WHAT THE TASK ASKS ▸ Only the lines below starting at the one that contains "doc.layers.add('M-TTL-TXT', color=7, linetype='Continuous')" and ending at the one that contains "doc.styles.get('ＭＳ ゴシック').set_extended_font_data('MS Gothic')" are to be reproduced, exactly and with both ends kept.

AVAILABLE DATA ▸
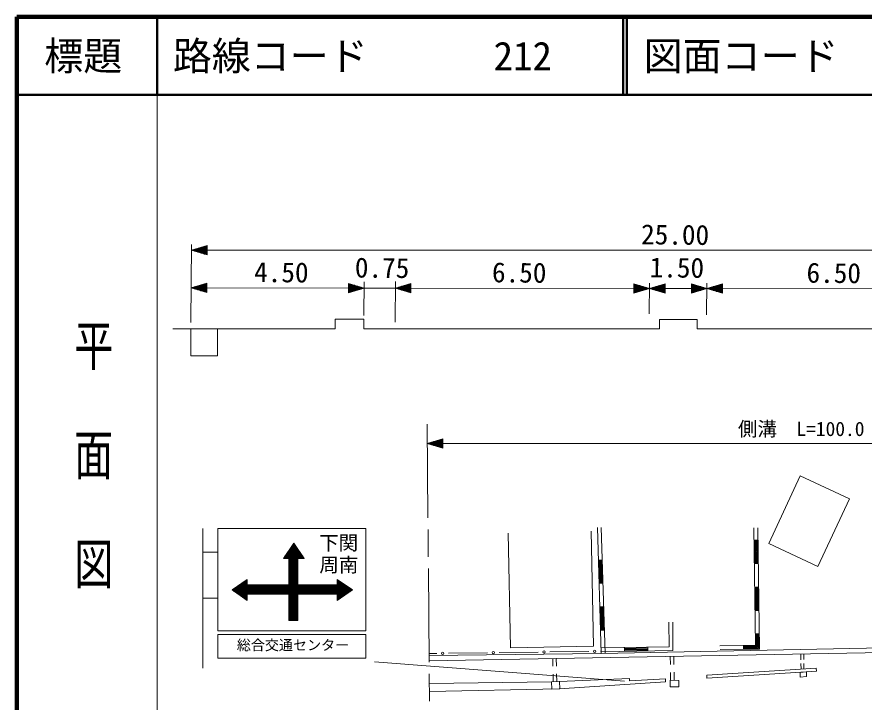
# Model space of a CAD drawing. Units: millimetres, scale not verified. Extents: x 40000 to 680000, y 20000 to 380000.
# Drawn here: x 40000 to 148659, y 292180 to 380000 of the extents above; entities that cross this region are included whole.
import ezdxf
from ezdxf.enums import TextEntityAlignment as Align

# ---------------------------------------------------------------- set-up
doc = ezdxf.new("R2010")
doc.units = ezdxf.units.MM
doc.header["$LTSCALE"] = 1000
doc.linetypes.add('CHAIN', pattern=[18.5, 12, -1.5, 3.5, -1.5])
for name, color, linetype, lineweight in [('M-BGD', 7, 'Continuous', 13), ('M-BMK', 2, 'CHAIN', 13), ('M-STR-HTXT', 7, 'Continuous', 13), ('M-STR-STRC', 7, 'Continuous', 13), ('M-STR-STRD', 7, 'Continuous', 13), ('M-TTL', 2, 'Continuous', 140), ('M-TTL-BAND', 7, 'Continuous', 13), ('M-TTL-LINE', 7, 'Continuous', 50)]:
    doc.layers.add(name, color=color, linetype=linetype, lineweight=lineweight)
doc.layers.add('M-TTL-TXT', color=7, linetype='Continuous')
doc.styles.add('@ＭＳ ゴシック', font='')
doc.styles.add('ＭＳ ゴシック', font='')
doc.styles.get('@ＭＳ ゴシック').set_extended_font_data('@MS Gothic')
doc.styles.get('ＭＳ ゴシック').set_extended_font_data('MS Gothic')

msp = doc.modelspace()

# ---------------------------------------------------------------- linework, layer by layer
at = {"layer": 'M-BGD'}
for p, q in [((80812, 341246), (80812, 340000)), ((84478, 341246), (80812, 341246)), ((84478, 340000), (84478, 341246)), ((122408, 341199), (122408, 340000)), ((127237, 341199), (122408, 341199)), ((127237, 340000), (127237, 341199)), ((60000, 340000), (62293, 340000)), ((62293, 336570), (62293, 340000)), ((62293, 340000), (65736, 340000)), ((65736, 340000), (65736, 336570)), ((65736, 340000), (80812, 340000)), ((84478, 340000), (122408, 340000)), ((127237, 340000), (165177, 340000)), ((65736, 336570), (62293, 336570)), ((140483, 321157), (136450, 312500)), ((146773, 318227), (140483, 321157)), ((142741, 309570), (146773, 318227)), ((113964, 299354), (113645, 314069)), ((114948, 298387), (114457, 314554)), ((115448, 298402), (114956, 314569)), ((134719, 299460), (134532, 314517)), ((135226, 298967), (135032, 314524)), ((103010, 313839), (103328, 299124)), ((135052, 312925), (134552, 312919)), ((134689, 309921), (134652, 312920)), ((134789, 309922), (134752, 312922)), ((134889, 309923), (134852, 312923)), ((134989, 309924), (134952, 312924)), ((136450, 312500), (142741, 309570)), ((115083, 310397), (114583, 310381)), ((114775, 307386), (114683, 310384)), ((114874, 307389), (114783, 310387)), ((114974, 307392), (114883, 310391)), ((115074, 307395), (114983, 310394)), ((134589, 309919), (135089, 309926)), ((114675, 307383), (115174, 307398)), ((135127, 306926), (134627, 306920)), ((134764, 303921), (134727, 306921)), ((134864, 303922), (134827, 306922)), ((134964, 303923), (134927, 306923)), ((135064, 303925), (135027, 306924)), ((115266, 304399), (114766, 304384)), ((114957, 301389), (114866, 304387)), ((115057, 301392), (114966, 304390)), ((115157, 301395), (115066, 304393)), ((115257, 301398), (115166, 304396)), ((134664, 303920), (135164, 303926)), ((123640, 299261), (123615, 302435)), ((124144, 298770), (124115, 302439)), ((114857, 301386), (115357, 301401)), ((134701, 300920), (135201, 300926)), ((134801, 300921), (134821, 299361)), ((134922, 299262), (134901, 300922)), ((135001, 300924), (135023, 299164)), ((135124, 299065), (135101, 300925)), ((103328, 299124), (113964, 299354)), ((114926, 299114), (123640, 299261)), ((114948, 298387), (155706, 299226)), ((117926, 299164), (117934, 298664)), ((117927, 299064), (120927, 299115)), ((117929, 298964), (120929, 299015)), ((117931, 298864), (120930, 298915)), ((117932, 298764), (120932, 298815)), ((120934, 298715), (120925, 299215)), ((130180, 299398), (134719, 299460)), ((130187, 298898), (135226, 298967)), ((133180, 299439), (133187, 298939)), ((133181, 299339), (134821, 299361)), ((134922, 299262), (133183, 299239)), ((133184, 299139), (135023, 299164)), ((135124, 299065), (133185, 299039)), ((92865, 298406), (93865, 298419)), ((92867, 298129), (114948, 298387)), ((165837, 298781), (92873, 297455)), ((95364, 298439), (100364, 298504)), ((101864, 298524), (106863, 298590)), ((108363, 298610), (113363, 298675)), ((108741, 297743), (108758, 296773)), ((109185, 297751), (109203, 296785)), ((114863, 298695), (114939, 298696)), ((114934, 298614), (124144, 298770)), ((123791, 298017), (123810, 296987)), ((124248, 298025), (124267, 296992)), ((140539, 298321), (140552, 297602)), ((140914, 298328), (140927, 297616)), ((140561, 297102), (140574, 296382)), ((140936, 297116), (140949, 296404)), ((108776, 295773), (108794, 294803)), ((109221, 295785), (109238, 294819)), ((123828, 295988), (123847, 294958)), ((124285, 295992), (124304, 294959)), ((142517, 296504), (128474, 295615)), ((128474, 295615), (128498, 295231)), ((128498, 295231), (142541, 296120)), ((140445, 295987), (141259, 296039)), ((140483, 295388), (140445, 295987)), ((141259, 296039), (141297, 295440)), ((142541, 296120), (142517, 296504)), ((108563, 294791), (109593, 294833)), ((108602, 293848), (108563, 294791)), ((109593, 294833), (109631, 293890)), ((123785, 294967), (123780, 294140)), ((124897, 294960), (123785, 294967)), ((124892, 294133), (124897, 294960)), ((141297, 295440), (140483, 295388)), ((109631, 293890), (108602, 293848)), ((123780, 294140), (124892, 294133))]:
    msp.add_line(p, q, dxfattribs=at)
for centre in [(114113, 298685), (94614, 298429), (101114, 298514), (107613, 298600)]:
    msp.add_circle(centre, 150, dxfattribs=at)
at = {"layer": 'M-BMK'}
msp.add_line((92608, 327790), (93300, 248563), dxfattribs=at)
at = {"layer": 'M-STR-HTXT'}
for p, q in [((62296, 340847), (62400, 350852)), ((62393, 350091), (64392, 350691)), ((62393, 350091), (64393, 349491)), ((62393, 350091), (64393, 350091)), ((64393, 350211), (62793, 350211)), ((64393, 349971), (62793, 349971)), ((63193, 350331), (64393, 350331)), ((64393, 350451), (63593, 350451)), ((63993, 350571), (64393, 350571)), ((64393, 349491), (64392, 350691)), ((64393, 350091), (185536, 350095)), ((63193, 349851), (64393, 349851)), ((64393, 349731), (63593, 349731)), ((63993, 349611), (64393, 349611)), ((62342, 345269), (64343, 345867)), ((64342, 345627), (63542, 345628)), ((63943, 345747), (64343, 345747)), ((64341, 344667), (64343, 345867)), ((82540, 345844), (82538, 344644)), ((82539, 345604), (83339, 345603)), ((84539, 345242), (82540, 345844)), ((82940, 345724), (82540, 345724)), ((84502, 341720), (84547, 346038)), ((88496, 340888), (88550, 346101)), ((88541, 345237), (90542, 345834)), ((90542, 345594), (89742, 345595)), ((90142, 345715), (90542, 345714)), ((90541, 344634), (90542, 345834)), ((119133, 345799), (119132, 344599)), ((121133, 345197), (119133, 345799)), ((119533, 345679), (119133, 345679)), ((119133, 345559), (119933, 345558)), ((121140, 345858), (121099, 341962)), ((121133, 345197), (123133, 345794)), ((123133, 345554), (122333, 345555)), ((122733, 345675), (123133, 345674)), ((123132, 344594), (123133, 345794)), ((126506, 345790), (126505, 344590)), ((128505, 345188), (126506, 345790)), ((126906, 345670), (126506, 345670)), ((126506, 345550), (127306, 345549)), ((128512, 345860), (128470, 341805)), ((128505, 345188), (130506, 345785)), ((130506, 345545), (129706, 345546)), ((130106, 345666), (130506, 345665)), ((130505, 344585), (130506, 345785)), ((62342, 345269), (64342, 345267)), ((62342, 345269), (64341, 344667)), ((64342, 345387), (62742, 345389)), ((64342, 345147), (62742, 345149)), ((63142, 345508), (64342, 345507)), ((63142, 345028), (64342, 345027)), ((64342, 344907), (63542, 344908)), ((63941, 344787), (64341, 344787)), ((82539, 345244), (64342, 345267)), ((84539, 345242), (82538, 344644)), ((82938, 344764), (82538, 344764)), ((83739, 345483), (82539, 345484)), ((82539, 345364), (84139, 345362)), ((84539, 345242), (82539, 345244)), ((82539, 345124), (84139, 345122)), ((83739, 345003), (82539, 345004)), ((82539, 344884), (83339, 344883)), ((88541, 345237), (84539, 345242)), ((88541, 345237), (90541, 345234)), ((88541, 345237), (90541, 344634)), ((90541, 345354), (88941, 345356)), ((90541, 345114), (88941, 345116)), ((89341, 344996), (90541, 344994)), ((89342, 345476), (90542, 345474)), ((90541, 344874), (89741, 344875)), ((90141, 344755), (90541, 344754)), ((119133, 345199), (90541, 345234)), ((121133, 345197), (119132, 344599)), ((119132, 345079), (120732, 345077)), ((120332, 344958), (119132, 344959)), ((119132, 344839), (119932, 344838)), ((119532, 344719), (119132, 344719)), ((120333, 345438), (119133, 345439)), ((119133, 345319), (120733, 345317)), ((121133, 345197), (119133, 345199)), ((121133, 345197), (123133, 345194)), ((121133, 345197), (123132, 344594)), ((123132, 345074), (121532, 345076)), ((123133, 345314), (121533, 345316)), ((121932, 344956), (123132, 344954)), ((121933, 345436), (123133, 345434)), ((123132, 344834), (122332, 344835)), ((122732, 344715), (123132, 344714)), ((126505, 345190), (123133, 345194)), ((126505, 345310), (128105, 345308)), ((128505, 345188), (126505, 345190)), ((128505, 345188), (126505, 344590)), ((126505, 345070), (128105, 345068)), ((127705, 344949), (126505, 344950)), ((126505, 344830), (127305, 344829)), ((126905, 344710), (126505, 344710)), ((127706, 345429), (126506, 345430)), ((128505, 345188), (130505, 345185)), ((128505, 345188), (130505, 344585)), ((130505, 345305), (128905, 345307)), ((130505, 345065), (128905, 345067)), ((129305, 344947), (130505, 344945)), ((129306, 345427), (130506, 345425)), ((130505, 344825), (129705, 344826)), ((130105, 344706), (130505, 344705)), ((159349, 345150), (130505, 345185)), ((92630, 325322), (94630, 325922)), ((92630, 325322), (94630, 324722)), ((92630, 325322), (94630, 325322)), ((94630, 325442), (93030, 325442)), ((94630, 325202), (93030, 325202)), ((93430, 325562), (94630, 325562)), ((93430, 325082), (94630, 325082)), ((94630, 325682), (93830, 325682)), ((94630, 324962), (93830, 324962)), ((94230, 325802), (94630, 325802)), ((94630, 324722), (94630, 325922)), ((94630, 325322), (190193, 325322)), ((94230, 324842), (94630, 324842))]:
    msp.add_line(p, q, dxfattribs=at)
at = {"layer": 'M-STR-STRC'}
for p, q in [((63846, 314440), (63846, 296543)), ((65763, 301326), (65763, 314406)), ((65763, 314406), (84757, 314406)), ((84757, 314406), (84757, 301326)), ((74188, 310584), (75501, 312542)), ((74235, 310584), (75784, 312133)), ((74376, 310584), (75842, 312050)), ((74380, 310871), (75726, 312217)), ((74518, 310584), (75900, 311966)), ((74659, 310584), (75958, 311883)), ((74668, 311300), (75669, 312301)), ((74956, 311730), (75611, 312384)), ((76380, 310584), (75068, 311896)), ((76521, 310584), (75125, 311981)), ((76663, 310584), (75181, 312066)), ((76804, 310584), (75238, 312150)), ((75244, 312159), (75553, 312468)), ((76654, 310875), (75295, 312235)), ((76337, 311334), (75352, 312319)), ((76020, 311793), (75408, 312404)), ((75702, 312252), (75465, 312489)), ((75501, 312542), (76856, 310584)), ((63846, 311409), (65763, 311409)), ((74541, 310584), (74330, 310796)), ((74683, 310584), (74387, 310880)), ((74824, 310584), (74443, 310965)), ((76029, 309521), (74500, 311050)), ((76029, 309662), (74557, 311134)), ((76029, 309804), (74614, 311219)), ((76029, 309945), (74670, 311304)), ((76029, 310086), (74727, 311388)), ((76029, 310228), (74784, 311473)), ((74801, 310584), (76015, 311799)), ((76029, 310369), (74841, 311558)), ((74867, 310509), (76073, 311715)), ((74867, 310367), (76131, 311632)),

COMPLETED EXERCISE ▸
doc.layers.add('M-TTL-TXT', color=7, linetype='Continuous')
doc.styles.add('@ＭＳ ゴシック', font='')
doc.styles.add('ＭＳ ゴシック', font='')
doc.styles.get('@ＭＳ ゴシック').set_extended_font_data('@MS Gothic')
doc.styles.get('ＭＳ ゴシック').set_extended_font_data('MS Gothic')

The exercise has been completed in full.